I personally would put him out of his misery. He could by some miracle live but I have my doubts.


----------



## pbucch (Nov 18, 2008)

Damn! Piranha filets for dinner tonight son!


----------



## Murphy18 (Oct 17, 2008)

Wow, that really is unfortunate. I would highly doubt it that you could rescue him. Those are some big ass bite marks.


----------



## jaretwaggoner (Feb 2, 2007)

Murphy18 said:


> Wow, that really is unfortunate. I would highly doubt it that you could rescue him. Those are some big ass bite marks.


 tell me about it, i was speechless when i got home. he barely acts like it bothers him. but yeah they are deep. i don't even know what happened. i figured they would have attacked my pleco before one of there own.


----------



## Murphy18 (Oct 17, 2008)

What size tank they in? You feedin them well and stuff?


----------



## jaretwaggoner (Feb 2, 2007)

there in a 55 gal, yeah i feed them chunks of catfish fillets every day, i try to keep them well fed so they don't eat my pleco


----------



## jaretwaggoner (Feb 2, 2007)

sad news, he just died, he put up a good fight, but the damage had been done.


----------



## pbucch (Nov 18, 2008)

goodnight sweet prince.


----------



## Malawi- (Oct 21, 2008)

I have had that happen with 3 of mine before, poor guy.. Well cut you in half and see how long you last.
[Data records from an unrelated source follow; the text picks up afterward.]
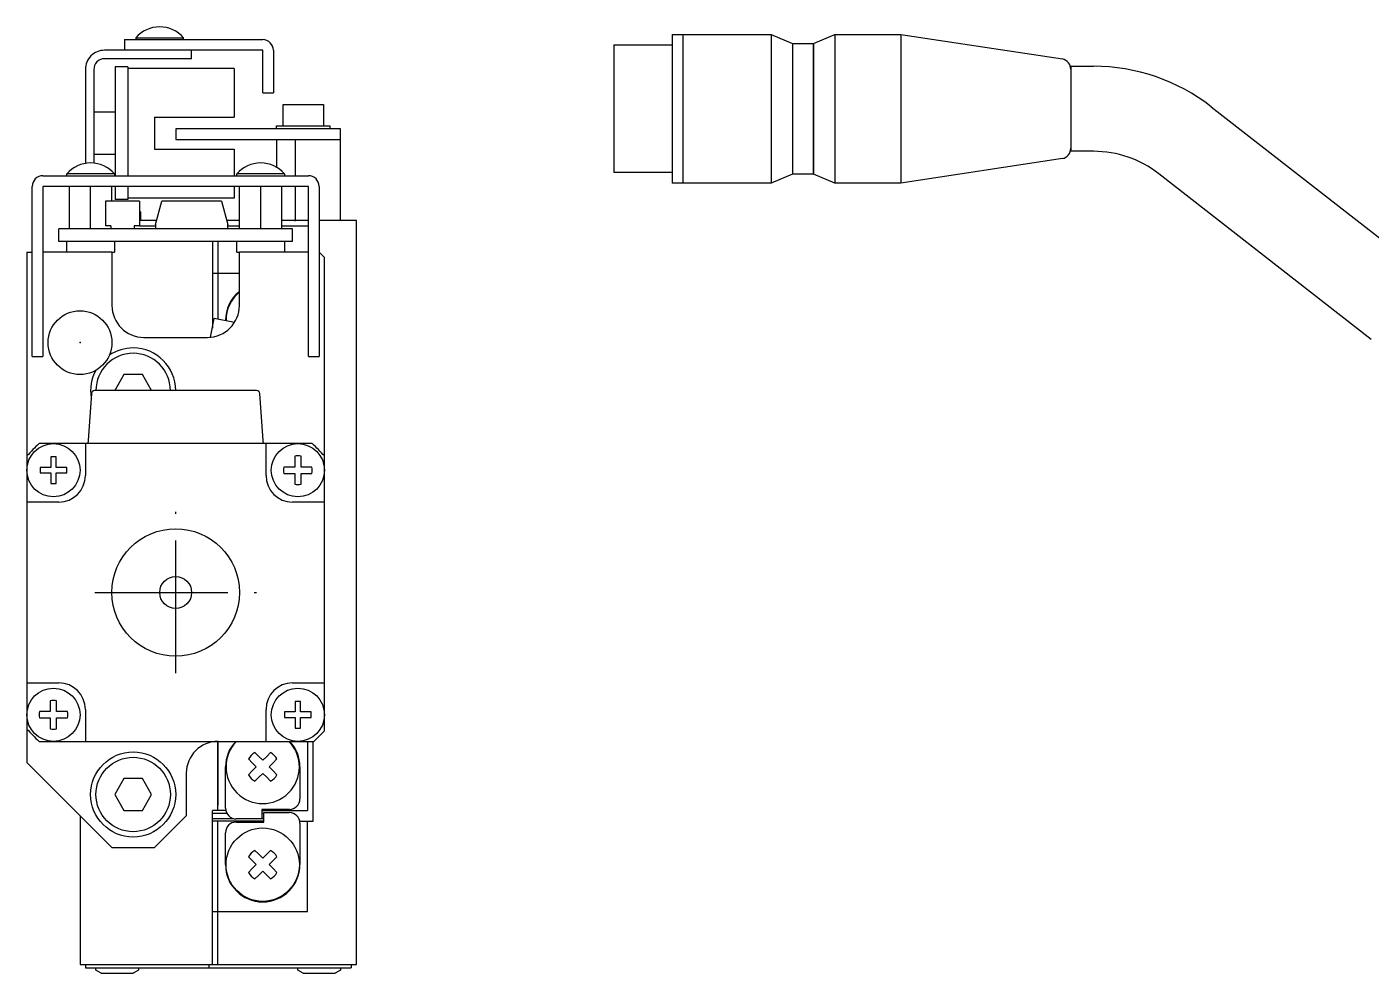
# Model space of a CAD drawing. Extents: x -69 to 421, y -5 to 289.
# Drawn here: x -69.1 to 57.3, y 140.9 to 229.9 of the extents above; entities that cross this region are included whole.
import ezdxf

# ---------------------------------------------------------------- set-up
doc = ezdxf.new("R2010")
doc.units = 0
doc.header["$LTSCALE"] = 10
doc.linetypes.add('CENTER', pattern=[2, 1.25, -0.25, 0.25, -0.25])
doc.layers.get('0').update_dxf_attribs({"linetype": 'CONTINUOUS'})

msp = doc.modelspace()

# ---------------------------------------------------------------- linework, layer by layer
at = {"color": 7, "linetype": 'CONTINUOUS'}
for p, q in [((-57.652701, 229.688949), (-57.655083, 229.693835)), ((-57.652701, 229.688949), (-57.655083, 229.693835)), ((-55.627279, 229.693835), (-55.629663, 229.688949)), ((-8.420382, 229.168463), (-8.420382, 222.168465)), ((-8.420382, 229.168463), (-7.42038, 229.168463)), ((-7.42038, 229.168463), (-7.42038, 222.168465)), ((-7.42038, 229.168463), (-7.42038, 222.168465)), ((-7.42038, 229.168463), (0.88662, 229.168463)), ((0.88662, 229.168463), (0.88662, 222.168465)), ((0.88662, 229.168463), (2.88662, 228.318465)), ((4.88662, 228.318465), (6.88662, 229.168463)), ((6.88662, 229.168463), (6.88662, 222.168465)), ((6.88662, 229.168463), (13.07962, 229.168463)), ((13.07962, 229.168463), (13.07962, 222.168465)), ((13.07962, 229.168463), (28.313602, 226.852789)), ((-59.941181, 228.670361), (-46.941181, 228.670361)), ((-59.941181, 228.670361), (-59.941181, 227.670361)), ((-58.891181, 228.854675), (-58.891181, 228.670361)), ((-54.391181, 228.670361), (-54.391181, 228.854675)), ((-13.920382, 228.168463), (-13.920382, 222.168465)), ((-13.920382, 228.168463), (-8.420382, 228.168463)), ((2.88662, 228.318465), (2.88662, 222.168465)), ((2.88662, 228.318465), (4.88662, 228.318465)), ((4.88662, 228.318465), (4.88662, 222.168465)), ((4.88662, 222.168465), (4.88662, 228.318465)), ((-46.941181, 227.670361), (-61.841181, 227.670361)), ((-53.641181, 226.870361), (-61.841181, 226.870361)), ((-53.641181, 226.870361), (-53.641181, 227.670361)), ((-46.941181, 223.670361), (-46.941181, 227.670361)), ((-45.941181, 227.670361), (-45.941181, 223.670361)), ((-63.641181, 225.870361), (-63.641181, 217.022919)), ((-62.841181, 225.870361), (-62.841181, 217.049891)), ((-59.641181, 226.120361), (-60.841181, 226.120361)), ((-60.841181, 226.120361), (-60.841181, 215.870361)), ((-59.641181, 226.120361), (-59.641181, 215.870361)), ((-49.641181, 225.970361), (-59.641181, 225.970361)), ((-49.641181, 225.970361), (-49.641181, 221.370361)), ((29.07962, 226.168465), (29.07962, 218.168465)), ((29.07962, 226.168465), (31.217208, 226.168465)), ((-46.941181, 223.670361), (-45.941181, 223.670361)), ((-62.841181, 221.870361), (-60.841181, 221.870361)), ((-57.141181, 221.370361), (-49.641181, 221.370361)), ((-57.141181, 221.370361), (-57.141181, 218.370361)), ((-45.041181, 222.570361), (-43.141181, 222.570361)), ((-45.041181, 220.570361), (-45.041181, 222.570361)), ((-43.141181, 222.570361), (-41.241181, 222.570361)), ((-41.241181, 222.570361), (-41.241181, 220.570361)), ((-13.920382, 222.168465), (-13.920382, 216.168467)), ((-8.420382, 222.168465), (-8.420382, 215.168465)), ((-7.42038, 222.168465), (-7.42038, 215.168465)), ((-7.42038, 222.168465), (-7.42038, 215.168465)), ((0.88662, 222.168465), (0.88662, 215.168465)), ((2.88662, 222.168465), (2.88662, 216.018465)), ((4.88662, 222.168465), (4.88662, 216.018465)), ((4.88662, 216.018465), (4.88662, 222.168465)), ((6.88662, 222.168465), (6.88662, 215.168465)), ((13.07962, 222.168465), (13.07962, 215.168465)), ((42.286096, 222.362819), (62.26305, 206.784609)), ((-39.641181, 220.270361), (-55.141181, 220.270361)), ((-55.141181, 220.270361), (-55.141181, 219.270361)), ((-45.641181, 220.570361), (-43.141181, 220.570361)), ((-45.641181, 220.270361), (-45.641181, 220.570361)), ((-43.141181, 220.570361), (-40.641181, 220.570361)), ((-40.641181, 220.570361), (-40.641181, 220.270361)), ((-39.641181, 211.670361), (-39.641181, 220.270361)), ((-55.141181, 219.270361), (-39.641181, 219.270361)), ((-45.641181, 219.270361), (-45.641181, 216.668437)), ((-43.877911, 215.870361), (-43.877911, 219.270361)), ((-60.841181, 217.870361), (-62.841181, 217.870361)), ((-57.141181, 218.370361), (-49.641181, 218.370361)), ((-49.641181, 218.370361), (-49.641181, 215.870361)), ((31.217208, 218.168465), (29.07962, 218.168465)), ((-48.155083, 216.893834), (-48.1527, 216.888947)), ((-46.129662, 216.888947), (-46.127279, 216.893834)), ((28.313602, 217.484139), (13.07962, 215.168465)), ((-67.641181, 215.870361), (-42.641181, 215.870361)), ((-60.891181, 216.054674), (-65.391181, 216.054674)), ((-65.391181, 215.870361), (-65.391181, 216.054674)), ((-60.891181, 216.054674), (-60.891181, 215.870361)), ((-44.891181, 216.054674), (-49.391181, 216.054674)), ((-49.391181, 215.870361), (-49.391181, 216.054674)), ((-44.891181, 216.054674), (-44.891181, 215.870361)), ((-8.420382, 216.168467), (-13.920382, 216.168467)), ((-7.42038, 215.168465), (-8.420382, 215.168465)), ((0.88662, 215.168465), (-7.42038, 215.168465)), ((2.88662, 216.018465), (0.88662, 215.168465)), ((4.88662, 216.018465), (2.88662, 216.018465)), ((6.88662, 215.168465), (4.88662, 216.018465)), ((13.07962, 215.168465), (6.88662, 215.168465)), ((57.343544, 200.476007), (37.36659, 216.054217)), ((-68.641181, 198.870361), (-68.641181, 214.870361)), ((-67.641181, 214.870361), (-67.641181, 198.870361)), ((-42.641181, 214.870361), (-67.641181, 214.870361)), ((-65.141181, 210.870361), (-65.141181, 214.870361)), ((-63.141181, 210.870361), (-63.141181, 214.870361)), ((-61.141181, 213.470361), (-61.141181, 214.870361)), ((-60.841181, 214.870361), (-60.841181, 213.620361)), ((-59.641181, 214.870361), (-59.641181, 213.620361)), ((-49.641181, 213.770361), (-59.641181, 213.770361)), ((-49.641181, 214.870361), (-49.641181, 213.770361)), ((-49.141181, 210.870361), (-49.141181, 214.870361)), ((-47.141181, 210.870361), (-47.141181, 214.870361)), ((-45.141181, 210.870361), (-45.141181, 214.870361)), ((-43.877911, 211.670361), (-43.877911, 214.870361)), ((-42.641181, 198.870361), (-42.641181, 214.870361)), ((-41.641181, 214.870361), (-41.641181, 198.870361)), ((-58.541181, 213.470361), (-61.741181, 213.470361)), ((-61.741181, 213.470361), (-61.741181, 211.170361)), ((-59.641181, 213.620361), (-60.841181, 213.620361)), ((-58.541181, 213.470361), (-58.541181, 211.170361)), ((-57.041181, 211.270361), (-56.451693, 213.470361)), ((-50.830669, 213.470361), (-56.451693, 213.470361)), ((-50.830669, 213.470361), (-50.241181, 211.270361)), ((-58.441181, 212.470361), (-58.541181, 212.470361)), ((-56.934001, 211.670361), (-58.541181, 211.670361)), ((-58.441181, 212.470361), (-58.441181, 211.670361)), ((-57.041181, 211.270361), (-57.041181, 210.870361)), ((-49.141181, 211.670361), (-50.348361, 211.670361)), ((-50.241181, 210.870361), (-50.241181, 211.270361)), ((-43.966075, 211.670361), (-45.141181, 211.670361)), ((-43.966075, 211.670361), (-43.877911, 211.670361)), ((-42.641181, 211.670361), (-43.877911, 211.670361)), ((-38.141181, 211.670361), (-41.641181, 211.670361)), ((-38.141181, 141.670361), (-38.141181, 211.670361)), ((-66.141181, 209.670361), (-66.141181, 210.870361)), ((-44.141181, 210.870361), (-66.141181, 210.870361)), ((-61.241181, 211.170361), (-61.741181, 211.170361)), ((-61.241181, 211.170361), (-61.241181, 210.870361)), ((-59.041181, 211.170361), (-59.041181, 210.870361)), ((-58.541181, 211.170361), (-59.041181, 211.170361)), ((-58.541181, 211.170361), (-57.041181, 211.170361)), ((-50.241181, 211.170361), (-49.141181, 211.170361)), ((-45.141181, 211.170361), (-42.641181, 211.170361)), ((-44.141181, 209.670361), (-44.141181, 210.870361)), ((-44.141181, 209.670361), (-66.141181, 209.670361)), ((-65.391181, 208.670361), (-65.391181, 209.670361)), ((-60.891181, 209.670361), (-60.891181, 208.670361)), ((-51.685692, 209.670361), (-51.685692, 201.522446)), ((-51.160675, 209.670361), (-51.160675, 202.383263)), ((-49.391181, 208.670361), (-49.391181, 209.670361)), ((-44.891181, 209.670361), (-44.891181, 208.670361)), ((-69.141181, 208.670361), (-69.141181, 160.670361)), ((-69.141181, 208.670361), (-68.641181, 208.670361)), ((-61.141181, 208.670361), (-67.641181, 208.670361)), ((-61.141181, 208.670361), (-61.141181, 203.670361)), ((-61.141181, 208.670361), (-60.891181, 208.670361)), ((-49.391181, 208.670361), (-49.141181, 208.670361)), ((-49.141181, 203.670361), (-49.141181, 208.670361)), ((-42.641181, 208.670361), (-49.141181, 208.670361)), ((-41.641181, 208.670361), (-41.141181, 208.170361)), ((-41.141181, 163.670361), (-41.141181, 208.170361)), ((-51.160675, 206.670361), (-51.685692, 206.670361)), ((-49.141181, 206.670361), (-51.160675, 206.670361)), ((-51.84854, 200.684668), (-51.505344, 202.45026)), ((-49.59775, 202.079461), (-51.505344, 202.45026)), ((-58.141181, 200.670361), (-52.141181, 200.670361)), ((-68.641181, 198.870361), (-67.641181, 198.870361)), ((-42.641181, 198.870361), (-41.641181, 198.870361)), ((-60.007206, 197.170361), (-60.873232, 195.670361)), ((-58.275155, 197.170361), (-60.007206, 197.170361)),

He wont last long, maybe if he gets treated and you get lucky, but hes pretty much gone if you havent done anything by now.


----------



## khmerboiRED (Jul 15, 2008)

sorry about the loss man.


----------



## Piro (Dec 1, 2008)

jdubz said:


> there in a 55 gal, yeah i feed them chunks of catfish fillets every day, i try to keep them well fed so they don't eat my pleco


Have you also tested your water, bad water conditions can cause agression too.

grtz


----------



## Piranha_man (Jan 29, 2005)

Yeah, that was one hell of an injury.
Sucks to see that.


----------



## JustJoshinYa (Mar 25, 2006)

that does suck those are deep bite wounds ouch, you should open him/her up and see if you can determine if it was a him or her.


----------



## SeedlessOne (Nov 21, 2006)

and a 55g is way to small for that size fish...and you have more than one in there to??


----------



## sandman503 (Feb 10, 2009)

as you all know when raising baby piranhas they like to eat each other. when one of my 3 were a baby he got munched on pretty bad, i moved him to a different tank to heal and he survived. of the 6 i started with he is one of the 3 that have survived he is a runt compared to the other two and is missing his bottom tail fins, they never grew back but he is far more brave then the other two.


----------